Dunhuang manuscripts
The Dunhuang manuscripts are a large and varied collection of religious and secular texts, consisting mainly of handwritten manuscripts on materials such as hemp, silk, and paper, along with some woodblock-printed items. Composed in a range of languages including Chinese, Tibetan and others, these manuscripts were discovered in 1900 at the Mogao Caves near Sachu in Dunhuang, Gansu Province, China, by the itinerant Daoist monk Wang Yuanlu. After taking over the caves, Wang sold the manuscripts to Aurel Stein and Paul Pelliot for a modest sum. Knowing the philological value of the Dunhuang manuscripts, Stein and Pelliot bought them from Wang and took them from China to Europe.
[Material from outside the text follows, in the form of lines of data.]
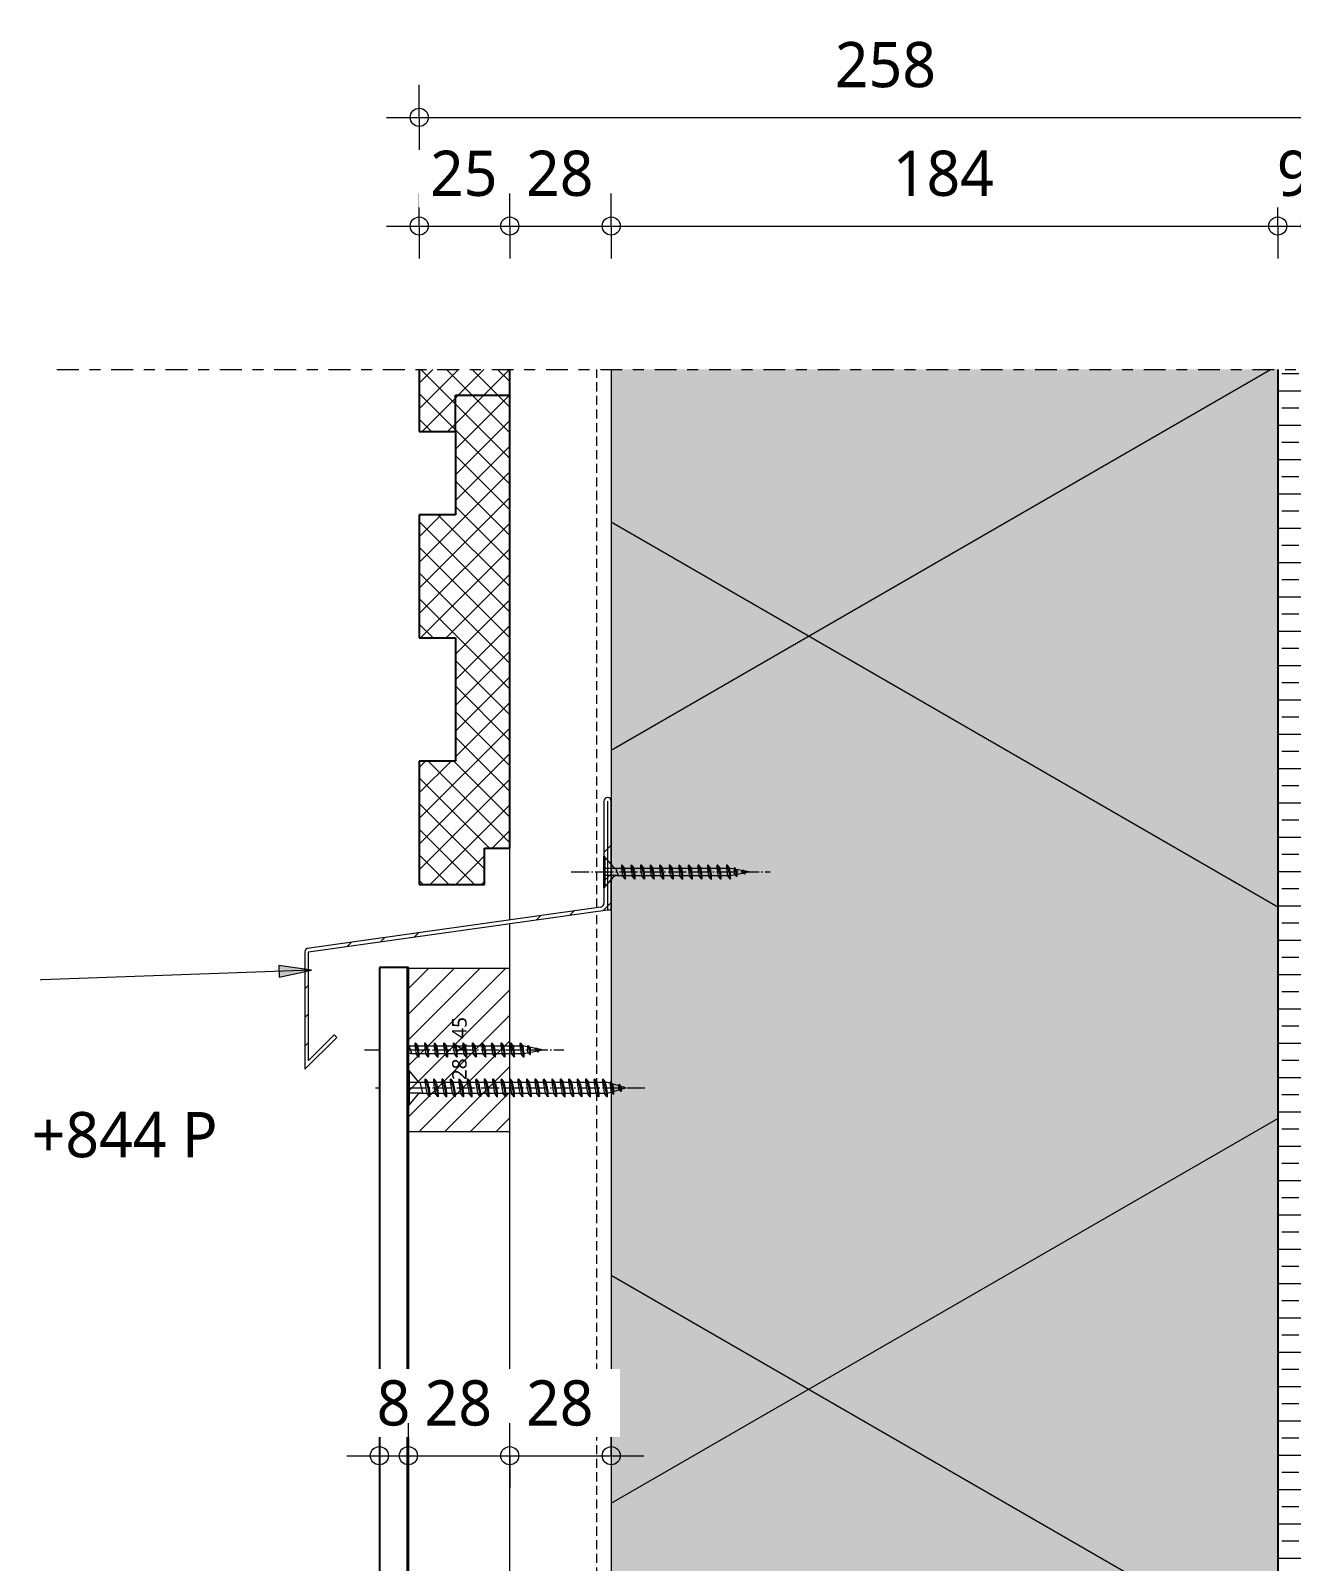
# Model space of a CAD drawing. Header units: millimetres. Extents: x 2927 to 18500, y -7154 to 6447.
# Drawn here: x 13463.6 to 13811.6, y 8.6 to 431.1 of the extents above; entities that cross this region are included whole.
import ezdxf

# ---------------------------------------------------------------- set-up
doc = ezdxf.new("R2010")
doc.units = ezdxf.units.MM
for name, pattern in [('MV_center', [15, 6, -3, 3, -3]), ('MV_hartlijn_staal', [6.6, 5, -0.8, 0, -0.8]), ('MV_hidden', [3.75, 2.5, -1.25])]:
    doc.linetypes.add(name, pattern=pattern)
for name, color, linetype, lineweight in [('A-ANNO-DIMS', 211, 'Continuous', 13), ('A-ANNO-DIMS-5', 211, 'Continuous', 13), ('A-ANNO-NOTE', 131, 'Continuous', 18), ('A-DETL', 90, 'Continuous', 13), ('A-DETL-GENF', 92, 'Continuous', 18), ('A-DETL-MEDM', 33, 'Continuous', 18), ('G-ANNO-TEXT', 231, 'Continuous', 13)]:
    doc.layers.add(name, color=color, linetype=linetype, lineweight=lineweight)
doc.styles.add('Segoe UI_1', font='segoeui.ttf', dxfattribs={"height": 4})
doc.styles.add('Segoe UI_3', font='segoeui.ttf', dxfattribs={"height": 12.5})
doc.dimstyles.new('2_5_mm', dxfattribs={"dimscale": 304.8, "dimtxt": 13.092049, "dimasz": 0.016404, "dimexe": 0.029528, "dimexo": 0.0625, "dimgap": 0.014764, "dimtad": 1, "dimdec": 0, "dimzin": 0, "dimdsep": 46, "dimtxsty": 'Segoe UI_3', "dimblk1": 'DOTBLANK', "dimblk2": 'DOTBLANK', "dimsah": 1, "dimcen": 0.09, "dimdle": 0.029528, "dimazin": 0, "dimtfac": 1, "dimtdec": 4, "dimtix": 1, "dimtmove": 0, "dimatfit": 3, "dimfxl": 0.029528, "dimfxlon": 1, "dimtvp": 1, "dimtfill": 1, "dimtolj": 1, "dimtzin": 0, "dimarcsym": 2})
pattern_1 = [(45, (0, 0), (-3.5355339, 3.5355339), []), (135, (0, 0), (-3.5355339, -3.5355339), [])]

# ---------------------------------------------------------------- blocks, each defined once
blk = doc.blocks.new('42_isolatie - Type 1-4084821-Details Domera')
at = {"layer": 'A-DETL-GENF'}
h = blk.add_hatch(color=256, dxfattribs=at)
h.paths.add_polyline_path([(0.28, 0.8), (101.43, 0.8), (101.43, 184.8), (0.28, 184.8), (0.28, 3.63)])
h.paths.add_polyline_path([(483.97, 0.8), (1289.57, 0.8), (1289.57, 184.8), (483.97, 184.8), (483.97, 3.63)])
at = {"layer": 'A-DETL-GENF', "lineweight": 13}
h = blk.add_hatch(dxfattribs=at)
h.set_pattern_fill('FP_24', color=256, style=0, pattern_type=2)
h.set_pattern_definition([(60, (-2126.39, 181.76), (-155.885, 90), []), (120, (-2126.39, 181.76), (-155.885, -90), [])])
h.paths.add_polyline_path([(0.28, 0.8), (101.43, 0.8), (101.43, 184.8), (0.28, 184.8), (0.28, 3.63)])
h.paths.add_polyline_path([(483.97, 0.8), (1289.57, 0.8), (1289.57, 184.8), (483.97, 184.8), (483.97, 3.63)])
at = {"layer": 'A-DETL-GENF'}
for p, q in [((1140.43, 184.8), (483.97, 184.8)), ((1140.43, 184.8), (483.97, 184.8)), ((1170.69, 184.8), (1140.43, 184.8)), ((1289.57, 184.8), (1170.69, 184.8)), ((1289.57, 184.8), (1170.69, 184.8)), ((871.32, 0.8), (1289.57, 0.8))]:
    blk.add_line(p, q, dxfattribs=at)
blk = doc.blocks.new('00 hout rechthoekig - 28x45-V276-Details Domera')
at = {"layer": 'A-DETL-GENF', "lineweight": 13}
h = blk.add_hatch(dxfattribs=at)
h.set_pattern_fill('FP_335', color=256, style=0, pattern_type=2)
h.set_pattern_definition([(315, (-127.236, 13567.834), (3.5355339, 3.5355339), [])])
h.paths.add_polyline_path([(0, -28), (45, -28), (45, 0), (0, 0)])
at = {"layer": 'A-DETL-MEDM'}
for p, q in [((0, 0), (0, -28)), ((45, -28), (45, 0)), ((0, -28), (45, -28))]:
    blk.add_line(p, q, dxfattribs=at)
blk = doc.blocks.new('28 schroeven 2D - Verzonken schroef 5_0x60mm-V285-Details Domera')
at = {"layer": 'A-DETL-GENF', "linetype": 'MV_hartlijn_staal', "lineweight": 13}
for p, q in [((0, 9.1), (0, 8)), ((0, 0), (0, -65.9))]:
    blk.add_line(p, q, dxfattribs=at)
at = {"layer": 'A-DETL-GENF', "lineweight": 5}
for p, q in [((-2.04, -2.4), (-4.9, 0)), ((4.9, 0), (2.04, -2.4)), ((-4.54, -0.3), (4.54, -0.3)), ((-1.5, -4), (1.53, -3.26)), ((-1.5, -3.55), (-1.5, -55)), ((1.5, -55), (1.5, -3.55)), ((2.5, -4.74), (-2.5, -5.9)), ((-2.5, -5.9), (-1.75, -5.26)), ((2.5, -7.07), (-2.5, -8.23)), ((-2.5, -8.23), (-1.75, -7.59)), ((1.75, -5.38), (2.5, -4.74)), ((1.75, -7.71), (2.5, -7.07)), ((2.5, -9.4), (-2.5, -10.57)), ((-2.5, -10.57), (-1.75, -9.93)), ((2.5, -11.73), (-2.5, -12.9)), ((-2.5, -12.9), (-1.75, -12.26)), ((1.75, -10.04), (2.5, -9.4)), ((1.75, -12.37), (2.5, -11.73)), ((2.5, -14.07), (-2.5, -15.23)), ((-2.5, -15.23), (-1.75, -14.59)), ((2.5, -16.4), (-2.5, -17.56)), ((1.75, -14.71), (2.5, -14.07)), ((1.75, -17.04), (2.5, -16.4)), ((-2.5, -17.56), (-1.75, -16.92)), ((2.5, -18.73), (-2.5, -19.9)), ((-2.5, -19.9), (-1.75, -19.26)), ((2.5, -21.07), (-2.5, -22.23)), ((1.75, -19.37), (2.5, -18.73)), ((1.75, -21.71), (2.5, -21.07)), ((-2.5, -22.23), (-1.75, -21.59)), ((2.5, -23.4), (-2.5, -24.56)), ((-2.5, -24.56), (-1.75, -23.92)), ((1.75, -24.04), (2.5, -23.4)), ((2.5, -25.73), (-2.5, -26.9)), ((-2.5, -26.9), (-1.75, -26.26)), ((2.5, -28.07), (-2.5, -29.23)), ((-2.5, -29.23), (-1.75, -28.59)), ((1.75, -26.37), (2.5, -25.73)), ((1.75, -28.71), (2.5, -28.07)), ((2.5, -30.4), (-2.5, -31.56)), ((-2.5, -31.56), (-1.75, -30.92)), ((2.5, -32.73), (-2.5, -33.9)), ((-2.5, -33.9), (-1.75, -33.26)), ((1.75, -31.04), (2.5, -30.4)), ((1.75, -33.37), (2.5, -32.73)), ((2.5, -35.07), (-2.5, -36.23)), ((-2.5, -36.23), (-1.75, -35.59)), ((2.5, -37.4), (-2.5, -38.56)), ((-2.5, -38.56), (-1.75, -37.92)), ((1.75, -35.71), (2.5, -35.07)), ((1.75, -38.04), (2.5, -37.4)), ((2.5, -39.73), (-2.5, -40.9)), ((-2.5, -40.9), (-1.75, -40.26)), ((2.5, -42.06), (-2.5, -43.23)), ((1.75, -40.37), (2.5, -39.73)), ((1.75, -42.7), (2.5, -42.06)), ((-2.5, -43.23), (-1.75, -42.59)), ((2.5, -44.4), (-2.5, -45.56)), ((-2.5, -45.56), (-1.75, -44.92)), ((1.75, -45.04), (2.5, -44.4)), ((2.5, -46.73), (-2.5, -47.89)), ((-2.5, -47.89), (-1.75, -47.25)), ((2.5, -49.06), (-2.5, -50.23)), ((-2.5, -50.23), (-1.75, -49.59)), ((1.75, -47.37), (2.5, -46.73)), ((1.75, -49.7), (2.5, -49.06)), ((2.5, -51.4), (-2.5, -52.56)), ((-2.5, -52.56), (-1.75, -51.92)), ((2.5, -53.73), (-2.5, -54.89)), ((-2.5, -54.89), (-1.75, -54.25)), ((1.75, -52.04), (2.5, -51.4)), ((1.75, -54.37), (2.5, -53.73)), ((1.76, -55.84), (-1.76, -56.66)), ((-1.76, -56.66), (-1.01, -56.02)), ((-1.5, -55), (0, -60)), ((-1.02, -58.71), (-0.27, -58.07)), ((1.02, -58.23), (-1.02, -58.71)), ((0, -60), (1.5, -55)), ((0.27, -58.87), (1.02, -58.23)), ((1.01, -56.48), (1.76, -55.84))]:
    blk.add_line(p, q, dxfattribs=at)
at = {"layer": 'A-DETL-GENF'}
for p, q in [((-1.5, -3.55), (-1.5, 0)), ((1.5, -3.55), (1.5, 0))]:
    blk.add_line(p, q, dxfattribs=at)
at = {"layer": 'A-DETL-GENF', "lineweight": 5}
for centre, start, end in [((-3, -3.55), 360, 50), ((3, -3.55), 130, 180)]:
    blk.add_arc(centre, 1.5, start, end, dxfattribs=at)
for points in [[(-2.5, -5.9), (-1.83, -6.19), (1.75, -5.38)], [(-2.5, -8.23), (-1.83, -8.53), (1.75, -7.71)], [(-1.75, -5.26), (2.23, -4.46), (2.5, -4.74)], [(-1.75, -7.59), (2.23, -6.79), (2.5, -7.07)], [(-2.5, -10.57), (-1.83, -10.86), (1.75, -10.04)], [(-2.5, -12.9), (-1.83, -13.19), (1.75, -12.37)], [(-1.75, -9.93), (2.23, -9.12), (2.5, -9.4)], [(-1.75, -12.26), (2.23, -11.46), (2.5, -11.73)], [(-2.5, -15.23), (-1.83, -15.53), (1.75, -14.71)], [(-1.75, -14.59), (2.23, -13.79), (2.5, -14.07)], [(-1.75, -16.92), (2.23, -16.12), (2.5, -16.4)], [(-2.5, -17.56), (-1.83, -17.86), (1.75, -17.04)], [(-2.5, -19.9), (-1.83, -20.19), (1.75, -19.37)], [(-1.75, -19.26), (2.23, -18.46), (2.5, -18.73)], [(-1.75, -21.59), (2.23, -20.79), (2.5, -21.07)], [(-2.5, -22.23), (-1.83, -22.52), (1.75, -21.71)], [(-2.5, -24.56), (-1.83, -24.86), (1.75, -24.04)], [(-1.75, -23.92), (2.23, -23.12), (2.5, -23.4)], [(-2.5, -26.9), (-1.83, -27.19), (1.75, -26.37)], [(-2.5, -29.23), (-1.83, -29.52), (1.75, -28.71)], [(-1.75, -26.26), (2.23, -25.46), (2.5, -25.73)], [(-1.75, -28.59), (2.23, -27.79), (2.5, -28.07)], [(-2.5, -31.56), (-1.83, -31.86), (1.75, -31.04)], [(-2.5, -33.9), (-1.83, -34.19), (1.75, -33.37)], [(-1.75, -30.92), (2.23, -30.12), (2.5, -30.4)], [(-1.75, -33.26), (2.23, -32.46), (2.5, -32.73)], [(-2.5, -36.23), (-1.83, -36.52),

Most of the manuscripts originate from a cache of documents produced between the late 4th and early 11th centuries. These were sealed in what is now known as the Library Cave (Cave 17) sometime in the early 11th century. The site at Sachu (modern-day Dunhuang) was an important regional centre for manuscript production during this period and had also served as an official printing office during the 8th and 9th centuries when the area was under Tibetan rule and formed part of the Silk Road network.
Wang Yuanlu reportedly used the cave complex as a base for his alms-collecting activities and allegedly had discovered the documents concealed behind a sealed wall in an annex within one of the caves.
In addition to the Library Cave, manuscripts and printed texts have also been discovered in several other caves at the site. Notably, Pelliot retrieved a large number of documents from Caves 464 and 465 in the northern section of the Mogao Caves. These documents mostly date to the Yuan dynasty (1271–1368), several hundred years after the Library Cave was sealed, and are written in various languages, including Tibetan, Chinese, and Old Uyghur.
The Dunhuang documents include works ranging from history, medicine and mathematics to folk songs and dance. There are also many religious documents, most of which are Buddhist, but other religions and philosophy including Daoism, Confucianism, Nestorian Christianity, Judaism, and Manichaeism, are also represented. These manuscripts constitute a major resource for academic research across numerous disciplines, including history, medicine, religious studies, linguistics, and manuscript studies. The majority of the manuscripts Pelliot took and are stored in the Bibliothèque nationale de France's collection are in Chinese (3,000 texts) and Tibetan (4,000 texts). The multitude of other languages represented in the manuscripts include Khotanese, Kuchean, Sanskrit, Sogdian, Old Uyghur, Prakrit, Hebrew, and Old Turkic.
The removal of the manuscripts has since been described by some scholars as "plunder," with the Chinese government calling for their return, including eight volumes that were repatriated by a Japanese businessman in 1997.